Because realistically, I'm still going to copy and paste the end result.

------
tempestn
Just use LastPass (or one of the alternatives, like 1password). Sure it takes
a few minutes to set up and learn to use, but once that's done, it will be far
easier and less error-prone than something like this. Plugins for all major
browsers, as well as a couple of top mobile ones, apps for the major mobile
platforms... password reuse is a solved problem.

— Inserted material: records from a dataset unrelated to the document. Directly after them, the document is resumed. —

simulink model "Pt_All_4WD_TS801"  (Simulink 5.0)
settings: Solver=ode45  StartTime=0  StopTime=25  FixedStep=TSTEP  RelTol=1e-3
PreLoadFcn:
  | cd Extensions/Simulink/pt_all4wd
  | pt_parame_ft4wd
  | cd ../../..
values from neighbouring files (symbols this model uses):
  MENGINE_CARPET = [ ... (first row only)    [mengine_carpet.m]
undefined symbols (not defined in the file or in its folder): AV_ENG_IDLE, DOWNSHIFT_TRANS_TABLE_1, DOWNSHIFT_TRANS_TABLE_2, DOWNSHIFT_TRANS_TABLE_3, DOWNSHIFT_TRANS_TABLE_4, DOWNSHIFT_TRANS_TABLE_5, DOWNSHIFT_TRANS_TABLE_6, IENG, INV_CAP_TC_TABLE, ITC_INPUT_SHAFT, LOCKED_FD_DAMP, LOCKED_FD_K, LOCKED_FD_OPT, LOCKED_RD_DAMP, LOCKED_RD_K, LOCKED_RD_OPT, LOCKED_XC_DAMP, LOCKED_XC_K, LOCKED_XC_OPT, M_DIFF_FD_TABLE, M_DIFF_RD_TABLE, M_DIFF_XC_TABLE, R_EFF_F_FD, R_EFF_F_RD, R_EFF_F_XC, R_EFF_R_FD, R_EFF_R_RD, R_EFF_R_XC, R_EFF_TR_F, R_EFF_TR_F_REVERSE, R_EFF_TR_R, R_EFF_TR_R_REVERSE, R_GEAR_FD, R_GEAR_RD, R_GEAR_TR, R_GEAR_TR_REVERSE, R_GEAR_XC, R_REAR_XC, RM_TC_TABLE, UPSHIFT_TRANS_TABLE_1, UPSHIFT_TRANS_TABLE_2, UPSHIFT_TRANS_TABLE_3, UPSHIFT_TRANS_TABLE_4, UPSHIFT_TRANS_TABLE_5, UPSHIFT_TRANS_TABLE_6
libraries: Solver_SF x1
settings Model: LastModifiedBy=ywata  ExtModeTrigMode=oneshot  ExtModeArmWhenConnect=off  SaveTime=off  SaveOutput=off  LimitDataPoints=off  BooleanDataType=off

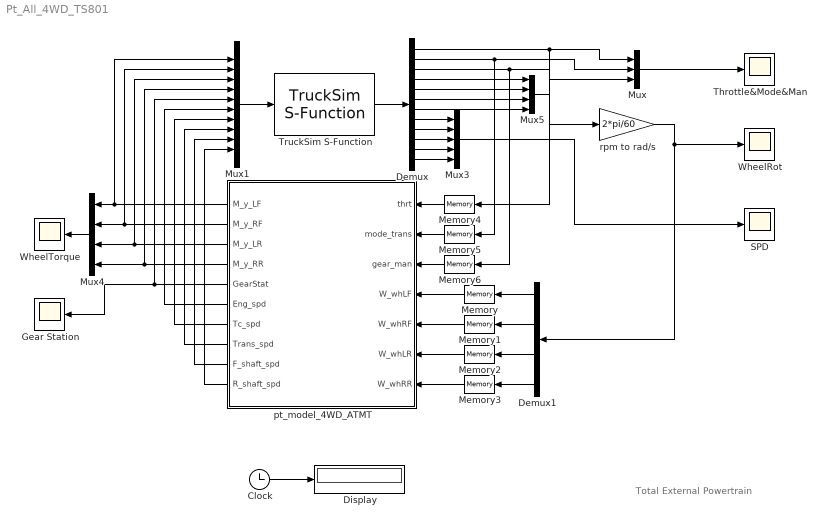
== system Pt_All_4WD_TS801 ==
  note: Total External Powertrain
  Clock : Clock
      settings: Decimation=10
  Demux : Demux  Outputs=12
  Demux1 : Demux  Orientation=left
  Display : Display
  Gear Station : Scope
      settings: YMin=0  YMax=6
  Memory{,1..6} (7 alike) : Memory  Orientation=left
  Mux : Mux  Inputs=3
  Mux1 : Mux  Inputs=10
  Mux3 : Mux  Inputs=5
  Mux4 : Mux  Orientation=left
  Mux5 : Mux
  SPD : Scope
      settings: TimeRange=25  YMin=-50  YMax=100
  Throttle&Mode&Man : Scope
      settings: YMin=0  YMax=7
  TruckSim S-Function : Solver_SF/TruckSim S-Function  Priority=1  AncestorBlock=Solver_SF/CarSim S-Function  VehicleCode=???
      settings: AttributesFormatString=Vehicle Code: %<VehicleCode>
  WheelRot : Scope
      settings: TimeRange=20  YMin=-10  YMax=50
  WheelTorque : Scope
      settings: YMin=0  YMax=2750
  pt_model_4WD_ATMT : Subsystem  Orientation=left
  rpm to rad/s : Gain  Gain=2*pi/60  SaturateOnIntegerOverflow=on
  wires:
  Mux1/1 -> TruckSim S-Function/1
  Mux/1 -> Throttle&Mode&Man/1
  Mux4/1 -> WheelTorque/1
  Demux/1 -> Mux/1, Memory4/1
  Demux/2 -> Mux/2, Memory5/1
  Demux/3 -> Mux/3, Memory6/1
  Demux1/1 -> Memory/1
  Demux1/2 -> Memory1/1
  Demux1/3 -> Memory2/1
  Demux1/4 -> Memory3/1
  Demux/5 -> Mux5/2
  Demux/6 -> Mux5/3
  Demux/4 -> Mux5/1
  Demux/7 -> Mux5/4
  Mux5/1 -> rpm to rad/s/1
  rpm to rad/s/1 -> Demux1/1, WheelRot/1
  Demux/8 -> Mux3/1
  Demux/9 -> Mux3/2
  Demux/10 -> Mux3/3
  Demux/11 -> Mux3/4
  Demux/12 -> Mux3/5
  Mux3/1 -> SPD/1
  pt_model_4WD_ATMT/1(M_y_LF) -> Mux1/1, Mux4/1
  pt_model_4WD_ATMT/2(M_y_RF) -> Mux1/2, Mux4/2
  pt_model_4WD_ATMT/3(M_y_LR) -> Mux4/3, Mux1/3
  pt_model_4WD_ATMT/4(M_y_RR) -> Mux4/4, Mux1/4
  pt_model_4WD_ATMT/5(GearStat) -> Gear Station/1, Mux1/5
  Clock/1 -> Display/1
  TruckSim S-Function/1 -> Demux/1
  Memory/1 -> pt_model_4WD_ATMT/4(W_whLF)
  Memory1/1 -> pt_model_4WD_ATMT/5(W_whRF)
  Memory2/1 -> pt_model_4WD_ATMT/6(W_whLR)
  Memory3/1 -> pt_model_4WD_ATMT/7(W_whRR)
  Memory4/1 -> pt_model_4WD_ATMT/1(thrt)
  Memory5/1 -> pt_model_4WD_ATMT/2(mode_trans)
  Memory6/1 -> pt_model_4WD_ATMT/3(gear_man)
  pt_model_4WD_ATMT/6(Eng_spd) -> Mux1/6
  pt_model_4WD_ATMT/7(Tc_spd) -> Mux1/7
  pt_model_4WD_ATMT/8(Trans_spd) -> Mux1/8
  pt_model_4WD_ATMT/9(F_shaft_spd) -> Mux1/9
  pt_model_4WD_ATMT/10(R_shaft_spd) -> Mux1/10

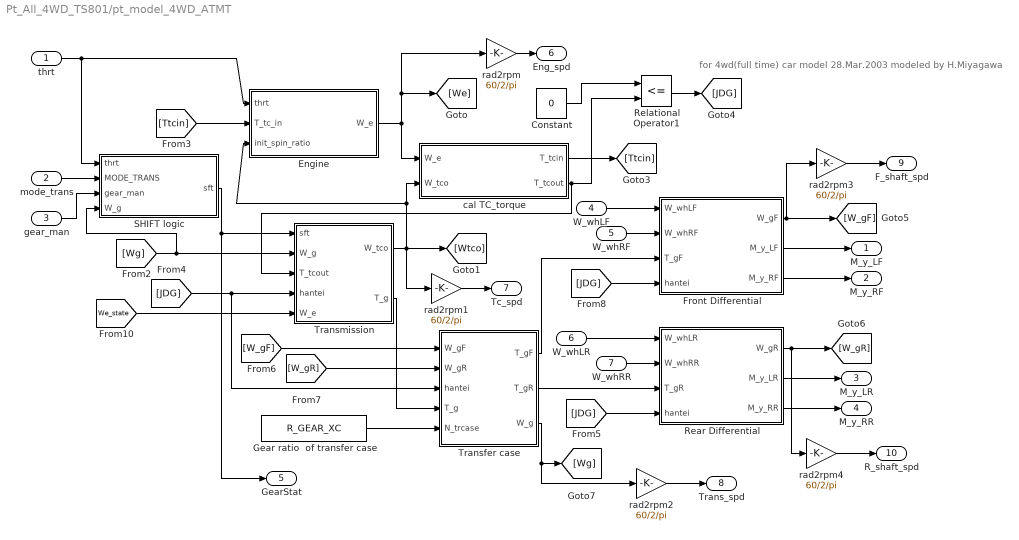
== system Pt_All_4WD_TS801/pt_model_4WD_ATMT ==
  note: for 4wd(full time) car model
      | 28.Mar.2003
      | modeled by H.Miyagawa
  thrt : Inport
  mode_trans : Inport  Port=2
  gear_man : Inport  Port=3
  W_whLF : Inport  Port=4
  W_whRF : Inport  Port=5
  W_whLR : Inport  Port=6
  W_whRR : Inport  Port=7
  Constant : Constant  Value=0
  Engine : Subsystem
  "Front Differential " : Subsystem
  Gear ratio  of transfer case : Constant  Value=R_GEAR_XC
  Rear Differential : Subsystem
  Relational Operator1 : RelationalOperator  Operator=<=  InputSameDT=on
  SHIFT logic : Subsystem
  Transfer case : Subsystem
  Transmission : Subsystem
  cal TC_torque : Subsystem
  rad2rpm{,1..4} (5 alike) : Gain  Gain=60/2/pi  SaturateOnIntegerOverflow=on
  M_y_LF : Outport
  M_y_RF : Outport  Port=2
  M_y_LR : Outport  Port=3
  M_y_RR : Outport  Port=4
  GearStat : Outport  Port=5
  Eng_spd : Outport  Port=6
  Tc_spd : Outport  Port=7
  Trans_spd : Outport  Port=8
  F_shaft_spd : Outport  Port=9
  R_shaft_spd : Outport  Port=10
  wires:
  SHIFT logic/1(sft) -> GearStat/1, Transmission/1(sft)
  [We_state] -> Transmission/5(W_e)
  Gear ratio  of transfer case/1 -> Transfer case/5(N_trcase)
  [W_gR] -> Transfer case/2(W_gR)
  [W_gF] -> Transfer case/1(W_gF)
  Transmission/2(T_g) -> Transfer case/4(T_g)
  [JDG] -> "Front Differential "/4(hantei)
  W_whLF/1 -> "Front Differential "/1(W_whLF)
  W_whRF/1 -> "Front Differential "/2(W_whRF)
  [JDG] -> Transfer case/3(hantei), Transmission/4(hantei)
  Transfer case/1(T_gF) -> "Front Differential "/3(T_gF)
  "Front Differential "/3(M_y_RF) -> M_y_RF/1
  "Front Differential "/2(M_y_LF) -> M_y_LF/1
  cal TC_torque/1(T_tcin) -> [Ttcin]
  cal TC_torque/2(T_tcout) -> Transmission/3(T_tcout), Relational Operator1/2
  [Wg] -> SHIFT logic/4(W_g), Transmission/2(W_g)
  Relational Operator1/1 -> [JDG]
  [Ttcin] -> Engine/2(T_tc_in)
  Transmission/1(W_tco) -> cal TC_torque/2(W_tco), Engine/3(init_spin_ratio), [Wtco], rad2rpm1/1
  Engine/1(W_e) -> cal TC_torque/1(W_e), [We], rad2rpm/1
  mode_trans/1 -> SHIFT logic/2(MODE_TRANS)
  gear_man/1 -> SHIFT logic/3(gear_man)
  thrt/1 -> SHIFT logic/1(thrt), Engine/1(thrt)
  Transfer case/3(W_g) -> [Wg], rad2rpm2/1
  "Front Differential "/1(W_gF) -> [W_gF], rad2rpm3/1
  Transfer case/2(T_gR) -> Rear Differential/3(T_gR)
  Rear Differential/3(M_y_RR) -> M_y_RR/1
  Rear Differential/2(M_y_LR) -> M_y_LR/1
  W_whRR/1 -> Rear Differential/2(W_whRR)
  W_whLR/1 -> Rear Differential/1(W_whLR)
  [JDG] -> Rear Differential/4(hantei)
  Rear Differential/1(W_gR) -> [W_gR], rad2rpm4/1
  rad2rpm/1 -> Eng_spd/1
  rad2rpm1/1 -> Tc_spd/1
  rad2rpm2/1 -> Trans_spd/1
  rad2rpm3/1 -> F_shaft_spd/1
  rad2rpm4/1 -> R_shaft_spd/1
  Constant/1 -> Relational Operator1/1

== system Pt_All_4WD_TS801/pt_model_4WD_ATMT/Engine ==
  thrt : Inport
  T_tc_in : Inport  Port=2
  init_spin_ratio : Inport  Port=3
  Spin inertia of engine crankshaft (kg-m2) : Constant  Value=IENG
  Spin inertia of input shaft of torque converter (kg-m2) : Constant  Value=ITC_INPUT_SHAFT
  cal Engine_torque : Subsystem
  cal We : Subsystem
  W_e : Outport
  wires:
  cal Engine_torque/1(T_e) -> cal We/1(T_e)
  cal We/1(We) -> W_e/1, cal Engine_torque/1(We)
  thrt/1 -> cal Engine_torque/2(thrt)
  init_spin_ratio/1 -> cal We/5(init spin ratio)
  T_tc_in/1 -> cal We/2(T_tc_in)
  Spin inertia of input shaft of torque converter (kg-m2)/1 -> cal We/4(I_tc_in)
  Spin inertia of engine crankshaft (kg-m2)/1 -> cal We/3(I_e)

== system Pt_All_4WD_TS801/pt_model_4WD_ATMT/Front Differential  ==
  W_whLF : Inport
  W_whRF : Inport  Port=2
  T_gF : Inport  Port=3
  hantei : Inport  Port=4
  Differeneial Gear : Subsystem
  Gear ratio of front differential : Constant  Value=R_GEAR_FD
  haibun : Subsystem
  W_gF : Outport
  M_y_LF : Outport  Port=2
  M_y_RF : Outport  Port=3
  wires:
  haibun/2(M_y_RF) -> M_y_RF/1
  haibun/1(M_y_LF) -> M_y_LF/1
  W_whRF/1 -> Differeneial Gear/2(W_whRF), haibun/2(W_whRF)
  W_whLF/1 -> Differeneial Gear/1(W_whLF), haibun/1(W_whLF)
  Gear ratio of front differential/1 -> haibun/5(N_diff_F), Differeneial Gear/3(N_diff_F)
  Differeneial Gear/1(W_g) -> W_gF/1
  T_gF/1 -> haibun/4(T_gF)
  hantei/1 -> haibun/3(hantei)

== system Pt_All_4WD_TS801/pt_model_4WD_ATMT/Rear Differential ==
  W_whLR : Inport
  W_whRR : Inport  Port=2
  T_gR : Inport  Port=3
  hantei : Inport  Port=4
  Differeneial Gear : Subsystem
  Gear ratio of rear differential : Constant  Value=R_GEAR_RD
  haibun : Subsystem
  W_gR : Outport
  M_y_LR : Outport  Port=2
  M_y_RR : Outport  Port=3
  wires:
  hantei/1 -> haibun/3(hantei)
  T_gR/1 -> haibun/4(T_gR)
  Differeneial Gear/1(W_g) -> W_gR/1
  Gear ratio of rear differential/1 -> Differeneial Gear/3(N_diff_R), haibun/5(N_diff_R)
  W_whLR/1 -> haibun/1(W_whLR), Differeneial Gear/1(W_whLR)
  W_whRR/1 -> haibun/2(W_whRR), Differeneial Gear/2(W_whRR)
  haibun/1(M_y_LR) -> M_y_LR/1
  haibun/2(M_y_RR) -> M_y_RR/1

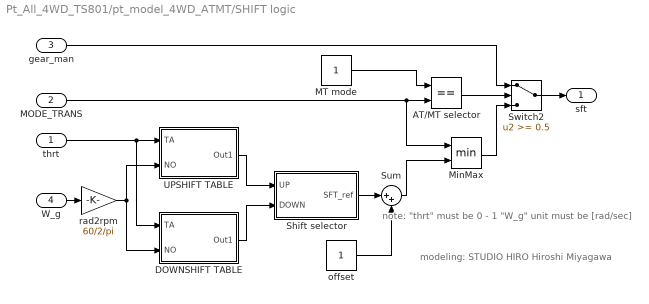
== system Pt_All_4WD_TS801/pt_model_4WD_ATMT/SHIFT logic ==
  note: note:
      | "thrt" must be 0 - 1
      | "W_g" unit must be [rad/sec]
  note: modeling:
      | STUDIO HIRO
      | Hiroshi Miyagawa
  thrt : Inport
  MODE_TRANS : Inport  Port=2
  gear_man : Inport  Port=3
  W_g : Inport  Port=4
  AT/MT selector : RelationalOperator  Operator===  InputSameDT=on
  DOWNSHIFT TABLE : Subsystem
  MT mode : Constant
  MinMax : MinMax  Inputs=2
  Shift selector : Subsystem
  Sum : Sum  Inputs=|++  SaturateOnIntegerOverflow=on  InputSameDT=on
  Switch2 : Switch  Threshold=0.5  SaturateOnIntegerOverflow=on  InputSameDT=on
  UPSHIFT TABLE : Subsystem
  offset : Constant
  rad2rpm : Gain  Gain=60/2/pi  SaturateOnIntegerOverflow=on
  sft : Outport
  wires:
  MinMax/1 -> Switch2/3
  AT/MT selector/1 -> Switch2/2
  gear_man/1 -> Switch2/1
  MODE_TRANS/1 -> MinMax/1, AT/MT selector/2
  MT mode/1 -> AT/MT selector/1
  thrt/1 -> DOWNSHIFT TABLE/1(TA), UPSHIFT TABLE/1(TA)
  Sum/1 -> MinMax/2
  W_g/1 -> rad2rpm/1
  DOWNSHIFT TABLE/1(Out1) -> Shift selector/2(DOWN)
  UPSHIFT TABLE/1(Out1) -> Shift selector/1(UP)
  rad2rpm/1 -> DOWNSHIFT TABLE/2(NO), UPSHIFT TABLE/2(NO)
  Shift selector/1(SFT_ref) -> Sum/1
  offset/1 -> Sum/2
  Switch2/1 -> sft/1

Sure, it sends data over the internet, but data is 256-bit AES encrypted on
your local machine, and then is sent via SSL on top of that. So even if
someone could get a hold of the data you're sending, they couldn't do anything
with it.

I finally started using LP a few months back after having it on my to-do list
for a year, and I only wish I'd made the leap sooner.

------
enoch_r
So, I built something almost identical for myself[1] but lately I've been
switching to 1Password. Why? Essentially, it's difficult/impossible to create
passwords for all the weird/stupid requirements people think up (no more than
X characters, no symbols, require at least 2 symbols, etc.) without storing
information about the passwords themselves somewhere. And once you have
infrastructure for storing information about passwords, well, you might as
well just encrypt the password itself and store that.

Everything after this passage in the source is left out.